I do think you could have a very successful tank using that light over a 10 gal. though, using Excel or DIY co2.


----------



## h20 plant (Dec 21, 2005)

I think it would be too much without co2 the 2x13w ones should be good enough for growing medium light req. plants.


----------



## heidisue (Apr 23, 2006)

Wondering what you decided to do....I am setting up a 10g, too, with much less light but I'm also avoiding CO2. Keep us posted - what are you growing?


----------



## nddonegan (Apr 11, 2006)

I have set up a 10g with the 2x13 retrofit kit and no CO2 in the past - definitely the way to go!


----------



## D.gilly (Sep 25, 2005)

if u have a regular incandescant canopy for a ten you can just buy some bright white powerconpacts and screw them in thats what i do at least that will give you moderate lighting at 2 x13 also some pet stores sell them im plant specifc spectrums good luck!


----------



## esarkipato (Jul 19, 2005)

I stumbled upon the perfect "low-tech" setup for my 10g: 2 normal output strips, with no cover. The strips are very similar to these but I found them at salvation army for like $5!! It's just the right amount of lighting to grow ambulia, moss, najas grass, java fern with no co2.


----------



## raymond_h2002 (Feb 13, 2006)

Thank you for all of your suggestions!

I think I'm going to cheap out and try screw-in CF's for now since I have a spare incandescent hood, and if I'm having trouble, then I'll get the 2x13w retrofit kit. 

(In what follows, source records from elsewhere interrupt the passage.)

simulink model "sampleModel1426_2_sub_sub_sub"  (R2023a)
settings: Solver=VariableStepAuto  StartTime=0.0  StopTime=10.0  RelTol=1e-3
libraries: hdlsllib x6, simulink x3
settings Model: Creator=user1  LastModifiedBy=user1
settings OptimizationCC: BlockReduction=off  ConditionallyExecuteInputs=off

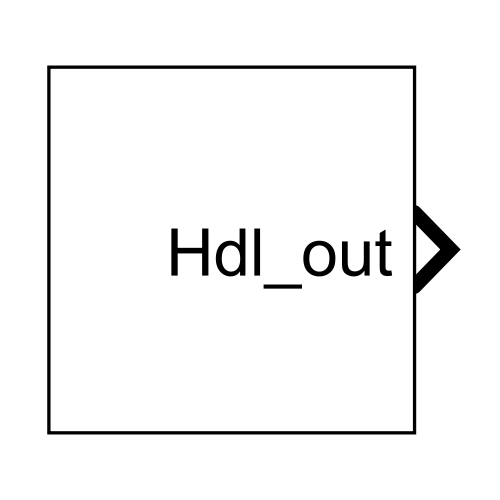
[thumbnail: Simulink's stored preview of the top-level diagram]
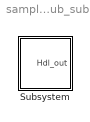
== system sampleModel1426_2_sub_sub_sub ==
  Subsystem : Subsystem

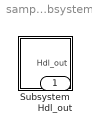
== system sampleModel1426_2_sub_sub_sub/Subsystem ==
  Subsystem : Subsystem
  Hdl_out : Outport  OutDataTypeStr=uint8

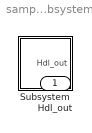
== system sampleModel1426_2_sub_sub_sub/Subsystem/Subsystem ==
  Subsystem : Subsystem
  Hdl_out : Outport  OutDataTypeStr=uint8

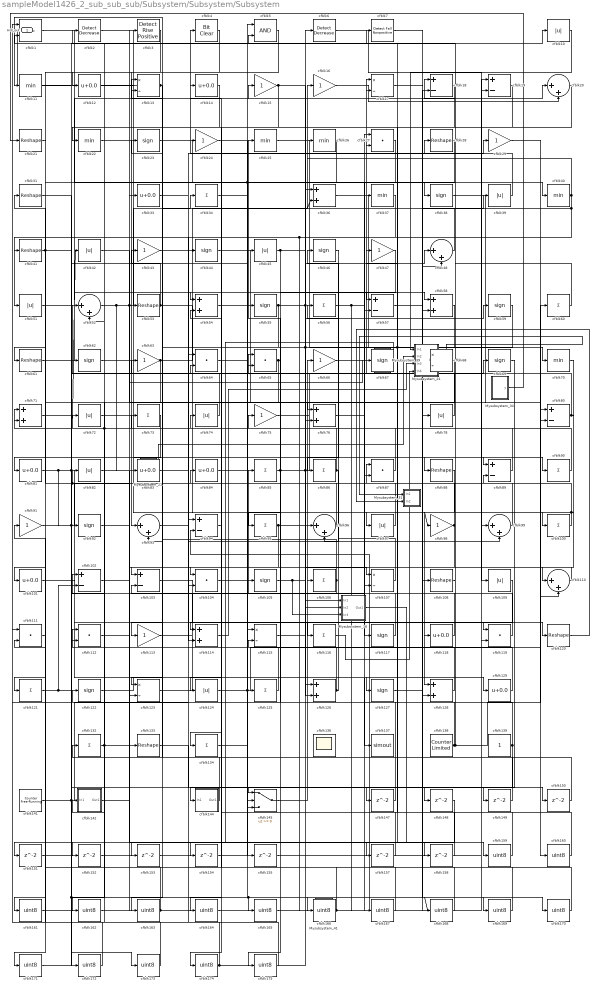
== system sampleModel1426_2_sub_sub_sub/Subsystem/Subsystem/Subsystem ==
  Mysubsystem_16 : Subsystem  TreatAsAtomicUnit=on  RTWFcnName=Mysubsystem_16
      settings: RTWFcnNameOpts=User specified  RTWFileNameOpts=Use function name
  Mysubsystem_21 : Subsystem  TreatAsAtomicUnit=on  RTWFcnName=Mysubsystem_21
      settings: RTWFcnNameOpts=User specified  RTWFileNameOpts=Use function name
  Mysubsystem_24 : Subsystem  TreatAsAtomicUnit=on  RTWFcnName=Mysubsystem_24
      settings: RTWFcnNameOpts=User specified  RTWFileNameOpts=Use function name
  Mysubsystem_31 : Subsystem  TreatAsAtomicUnit=on  RTWFcnName=Mysubsystem_31
      settings: RTWFcnNameOpts=User specified  RTWFileNameOpts=Use function name
  Mysubsystem_34 : Subsystem  TreatAsAtomicUnit=on  RTWFcnName=Mysubsystem_34
      settings: RTWFcnNameOpts=User specified  RTWFileNameOpts=Use function name
  Mysubsystem_39 : Subsystem  TreatAsAtomicUnit=on  RTWFcnName=Mysubsystem_39
      settings: RTWFcnNameOpts=User specified  RTWFileNameOpts=Use function name
  Mysubsystem_41 : Subsystem  TreatAsAtomicUnit=on  RTWFcnName=Mysubsystem_41
      settings: RTWFcnNameOpts=User specified  RTWFileNameOpts=Use function name
  cfblk1 : RelationalOperator  Operator=<=  OutDataTypeStr=boolean  InputSameDT=off
  cfblk{10,39,42,45,51,72,74,78,82,97,109,124} (12 alike) : Abs  OutDataTypeStr=uint8  SaturateOnIntegerOverflow=off
  cfblk{34,56,60,73,85..86,90,95,100,106,116,121,125,132,134} (15 alike) : Sum  Inputs=+  OutDataTypeStr=uint8
  cfblk{12,14,33,81,83..84,101,118,129} (9 alike) : Bias  Bias=0.0  SaturateOnIntegerOverflow=off
  cfblk{18..19,57,80,89,94,102..103} (8 alike) : Sum  Inputs=+-  OutDataTypeStr=uint8
  cfblk{27,64..65,87,104,111..112,119} (8 alike) : DotProduct  OutDataTypeStr=uint8
  cfblk{23,38,44,46,55,59,62,67,69,92,105,117,122,127} (14 alike) : Signum
  cfblk{13,17,68,107,115,123} (6 alike) : Product  Inputs=*/  OutDataTypeStr=uint8  RndMeth=Zero  SaturateOnIntegerOverflow=on
  cfblk{21,28,31,41,53,61,88,108,120,133} (10 alike) : Reshape
  cfblk{11,22,25..26,37,40,70} (7 alike) : MinMax  OutDataTypeStr=uint8
  cfblk{20,48,52,93,96,99,110} (7 alike) : Sum  Inputs=|++  OutDataTypeStr=uint8
  cfblk{15..16,24,29,43,47,63,66,75,91,98,113} (12 alike) : Gain  OutDataTypeStr=uint8
  cfblk{36,54,58,71,76,114,126,128} (8 alike) : Sum  OutDataTypeStr=uint8
  cfblk136 : Scope
      settings: Floating=on
  cfblk137 : ToWorkspace  VariableName=simout  SaveFormat=Timeseries  SampleTime=-1
  cfblk138 : hdlsllib/Sources/Counter Limited  uplimit=7  tsamp=-1
  cfblk139 : Constant  OutDataTypeStr=uint8  SampleTime=-1
  cfblk141 : hdlsllib/Sources/Counter Free-Running  NumBits=16  tsamp=-1
  cfblk142 : Subsystem
      settings: LibrarySourceBlock=|
      | hdlsllib/Ports &
      | Subsystems/Subsystem
  cfblk144 : Subsystem
      settings: LibrarySourceBlock=|
      | hdlsllib/Ports &
      | Subsystems/Subsystem
  cfblk145 : Switch  OutDataTypeStr=uint8  SaturateOnIntegerOverflow=off  InputSameDT=off
  cfblk{147..155,157..158} (11 alike) : Delay  SampleTime=1
  cfblk{159..175} (17 alike) : DataTypeConversion  OutDataTypeStr=uint8  SaturateOnIntegerOverflow=off  RndMeth=Floor
  cfblk2 : simulink/Logic and Bit Operations/Detect Decrease  vinit=0.0  OutDataTypeStr=uint8
      settings: LibrarySourceBlock=|
      | hdlsllib/Logic and Bit
      | Operations/Detect
      | Decrease
  cfblk3 : hdlsllib/Logic and Bit Operations/Detect Rise Positive  vinit=0  OutDataTypeStr=uint8
  cfblk4 : simulink/Logic and Bit Operations/Bit Clear  iBit=0
      settings: LibrarySourceBlock=|
      | hdlsllib/Logic and Bit
      | Operations/Bit Clear
  cfblk5 : Logic  AllPortsSameDT=off  OutDataTypeStr=boolean
  cfblk6 : simulink/Logic and Bit Operations/Detect Decrease  vinit=0.0  OutDataTypeStr=uint8
      settings: LibrarySourceBlock=|
      | hdlsllib/Logic and Bit
      | Operations/Detect
      | Decrease
  cfblk7 : hdlsllib/Logic and Bit Operations/Detect Fall Nonpositive  vinit=0  OutDataTypeStr=uint8
  Hdl_out : Outport  OutDataTypeStr=uint8
  wires:
  cfblk2/1 -> cfblk88/1
  cfblk48/1 -> cfblk11/1
  cfblk5/1 -> cfblk93/1
  cfblk54/1 -> cfblk25/1
  cfblk52/1 -> cfblk83/1, cfblk80/2, cfblk34/1
  cfblk64/1 -> cfblk166/1
  cfblk119/1 -> cfblk85/1
  cfblk117/1 -> cfblk66/1
  cfblk108/1 -> cfblk18/1
  cfblk53/1 -> cfblk43/1, cfblk97/1
  cfblk75/1 -> cfblk17/1
  cfblk33/1 -> cfblk29/1
  cfblk62/1 -> cfblk90/1
  cfblk61/1 -> cfblk15/1
  cfblk68/1 -> cfblk113/1
  cfblk101/1 -> cfblk120/1
  cfblk94/1 -> cfblk174/1
  cfblk1/1 -> cfblk38/1
  cfblk88/1 -> cfblk128/1
  cfblk56/1 -> cfblk167/1, cfblk117/1
  cfblk145/1 -> cfblk106/1
  cfblk58/1 -> cfblk157/1, cfblk123/1
  cfblk124/1 -> cfblk17/2, cfblk60/1
  cfblk6/1 -> cfblk99/1
  cfblk45/1 -> cfblk175/1, cfblk28/1
  cfblk110/1 -> cfblk104/1
  cfblk80/1 -> cfblk13/2, cfblk110/1
  cfblk38/1 -> cfblk110/2
  cfblk82/1 -> cfblk133/1
  cfblk122/1 -> cfblk127/1
  cfblk63/1 -> cfblk121/1, cfblk16/1
  cfblk107/1 -> cfblk75/1
  cfblk20/1 -> cfblk128/2
  cfblk72/1 -> cfblk118/1
  cfblk25/1 -> cfblk108/1
  cfblk74/1 -> cfblk63/1
  cfblk73/1 -> cfblk81/1
  cfblk12/1 -> cfblk40/1
  cfblk89/1 -> cfblk2/1, cfblk42/1
  cfblk36/1 -> cfblk70/1
  cfblk127/1 -> cfblk39/1
  cfblk141/1 -> cfblk44/1, cfblk173/1, cfblk168/1, cfblk165/1
  cfblk100/1 -> cfblk89/2, cfblk98/1
  cfblk85/1 -> cfblk65/1, cfblk59/1, cfblk69/1
  cfblk132/1 -> cfblk112/1, cfblk67/1
  cfblk86/1 -> cfblk96/2, cfblk71/1
  cfblk123/1 -> cfblk6/1
  cfblk103/1 -> cfblk116/1
  cfblk43/1 -> cfblk76/1
  cfblk144/1(Out1) -> cfblk132/1
  cfblk4/1 -> cfblk12/1
  cfblk129/1 -> cfblk115/2
  cfblk11/1 -> cfblk5/2
  cfblk118/1 -> cfblk87/1
  cfblk142/1(Out1) -> cfblk53/1
  cfblk22/1 -> cfblk57/1
  cfblk81/1 -> cfblk92/1, cfblk10/1, cfblk137/1
  cfblk44/1 -> cfblk109/1
  cfblk125/1 -> cfblk73/1
  cfblk83/1 -> cfblk99/2
  cfblk66/1 -> cfblk119/1
  cfblk90/1 -> cfblk23/1
  cfblk37/1 -> cfblk51/1
  cfblk21/1 -> cfblk61/1
  cfblk113/1 -> cfblk37/1
  cfblk39/1 -> cfblk4/1
  cfblk92/1 -> cfblk20/1
  cfblk93/1 -> cfblk27/2
  cfblk34/1 -> cfblk129/1
  cfblk51/1 -> cfblk54/1
  cfblk106/1 -> cfblk103/2, cfblk72/1
  cfblk26/1 -> cfblk114/1
  cfblk138/1 -> cfblk55/1, cfblk80/1, cfblk68/1
  cfblk121/1 -> cfblk102/2, cfblk105/1
  cfblk14/1 -> cfblk22/1
  cfblk19/1 -> cfblk163/1
  cfblk104/1 -> cfblk125/1
  cfblk139/1 -> cfblk52/2, cfblk144/1(In1)
  cfblk96/1 -> cfblk56/1, cfblk71/2, cfblk82/1
  cfblk46/1 -> cfblk86/1
  cfblk128/1 -> cfblk54/2
  cfblk41/1 -> cfblk145/3, cfblk101/1
  cfblk95/1 -> cfblk123/2, cfblk36/1
  cfblk115/1 -> cfblk48/1
  cfblk59/1 -> cfblk134/1, Mysubsystem_16/2(In2)
  cfblk16/1 -> cfblk20/2
  cfblk126/1 -> cfblk102/1, cfblk46/1
  cfblk70/1 -> cfblk100/1
  cfblk109/1 -> cfblk124/1
  cfblk87/1 -> cfblk74/1
  cfblk15/1 -> cfblk164/1, cfblk107/2
  cfblk55/1 -> cfblk103/1, cfblk58/1, Mysubsystem_16/1(In1)
  cfblk78/1 -> cfblk52/1
  cfblk105/1 -> cfblk107/1, Mysubsystem_16/3(In3)
  cfblk98/1 -> cfblk13/1, cfblk104/2
  cfblk28/1 -> cfblk57/2
  cfblk91/1 -> cfblk45/1, cfblk33/1
  cfblk60/1 -> cfblk1/2
  cfblk47/1 -> cfblk145/1
  cfblk23/1 -> cfblk126/2
  cfblk97/1 -> cfblk31/1
  cfblk27/1 -> cfblk65/2, cfblk41/1
  cfblk57/1 -> cfblk18/2
  cfblk40/1 -> cfblk26/1, cfblk36/2, cfblk114/2, Mysubsystem_41/1(In1)
  cfblk71/1 -> cfblk68/2
  cfblk67/1 -> cfblk47/1
  cfblk99/1 -> cfblk24/1
  cfblk65/1 -> cfblk152/1, cfblk95/1
  cfblk76/1 -> cfblk89/1
  cfblk18/1 -> cfblk147/1
  cfblk147/1 -> cfblk1/1
  cfblk133/1 -> cfblk148/1
  cfblk69/1 -> cfblk149/1
  cfblk149/1 -> cfblk93/2
  cfblk134/1 -> cfblk150/1
  cfblk150/1 -> cfblk126/1
  cfblk151/1 -> cfblk119/2
  cfblk152/1 -> cfblk145/2
  cfblk13/1 -> Hdl_out/1, cfblk153/1
  cfblk153/1 -> cfblk96/1
  cfblk154/1 -> cfblk48/2
  cfblk24/1 -> cfblk155/1
  cfblk155/1 -> cfblk27/1
  cfblk157/1 -> cfblk115/1
  cfblk102/1 -> cfblk158/1
  cfblk158/1 -> cfblk5/1
  cfblk7/1 -> cfblk159/1
  cfblk159/1 -> cfblk14/1
  cfblk29/1 -> cfblk160/1
  cfblk160/1 -> cfblk7/1
  cfblk3/1 -> cfblk161/1
  cfblk161/1 -> cfblk78/1
  cfblk148/1 -> cfblk162/1
  cfblk162/1 -> cfblk3/1
  cfblk163/1 -> cfblk87/2, cfblk112/2
  cfblk164/1 -> cfblk19/1
  cfblk165/1 -> cfblk19/2
  cfblk166/1 -> cfblk91/1, cfblk58/2
  cfblk167/1 -> cfblk64/1
  cfblk168/1 -> cfblk64/2
  cfblk84/1 -> cfblk169/1
  cfblk169/1 -> cfblk142/1(In1)
  cfblk17/1 -> cfblk170/1
  cfblk170/1 -> cfblk84/1
  cfblk111/1 -> cfblk171/1
  cfblk171/1 -> cfblk62/1
  cfblk31/1 -> cfblk172/1
  cfblk172/1 -> cfblk111/1
  cfblk173/1 -> cfblk111/2
  cfblk174/1 -> cfblk122/1, cfblk76/2
  cfblk175/1 -> cfblk94/1
  Mysubsystem_16/1(Out1) -> cfblk151/1
  cfblk112/1 -> Mysubsystem_21/1(In1)
  cfblk10/1 -> Mysubsystem_24/1(In1)
  Mysubsystem_21/1(Out1) -> Mysubsystem_24/2(In2)
  cfblk114/1 -> Mysubsystem_24/3(In3)
  cfblk116/1 -> Mysubsystem_24/4(In4)
  Mysubsystem_24/1(Out1) -> Mysubsystem_31/1(In1)
  cfblk120/1 -> Mysubsystem_31/2(In2)
  Mysubsystem_34/1(y) -> cfblk21/1
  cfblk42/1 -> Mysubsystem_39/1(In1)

I'm not sure what I want to grow right now.. I have a piece of malayan driftwood on which I want to attach some java moss and java fern. I have bits of bacopa and ludwigia repens that i could stick in there too. Maybe a bush of micranthemum umbrosum, if it'll grow in such conditions. Anything you guys have in mind that I should try? 

Thanks again!
-Raymond


----------



## Aquaseafoam (Apr 6, 2006)

I have an old incandescent light strip and a 13 watt strip on my 10 gallon. I just pushed the hood back and kept the lid open and put the other light strip in front.
I'm using the natural daylight CF bulbs from wally world. After using the CF bulbs it looks as though the light isn't even on with the 13 watt bulb!! amazing difference. It has caused some green spot algae though and i'm now trying to get rid of that... no co2 at the moment.


----------



## gbhil (Oct 28, 2005)

raymond_h2002 said:


> Anything you guys have in mind that I should try?


The 2 screw-ins sound like a good low-tech lighting system for the plants you've mentioned except maybe the baby tears....they might not do very well. It never hurts to try it though. 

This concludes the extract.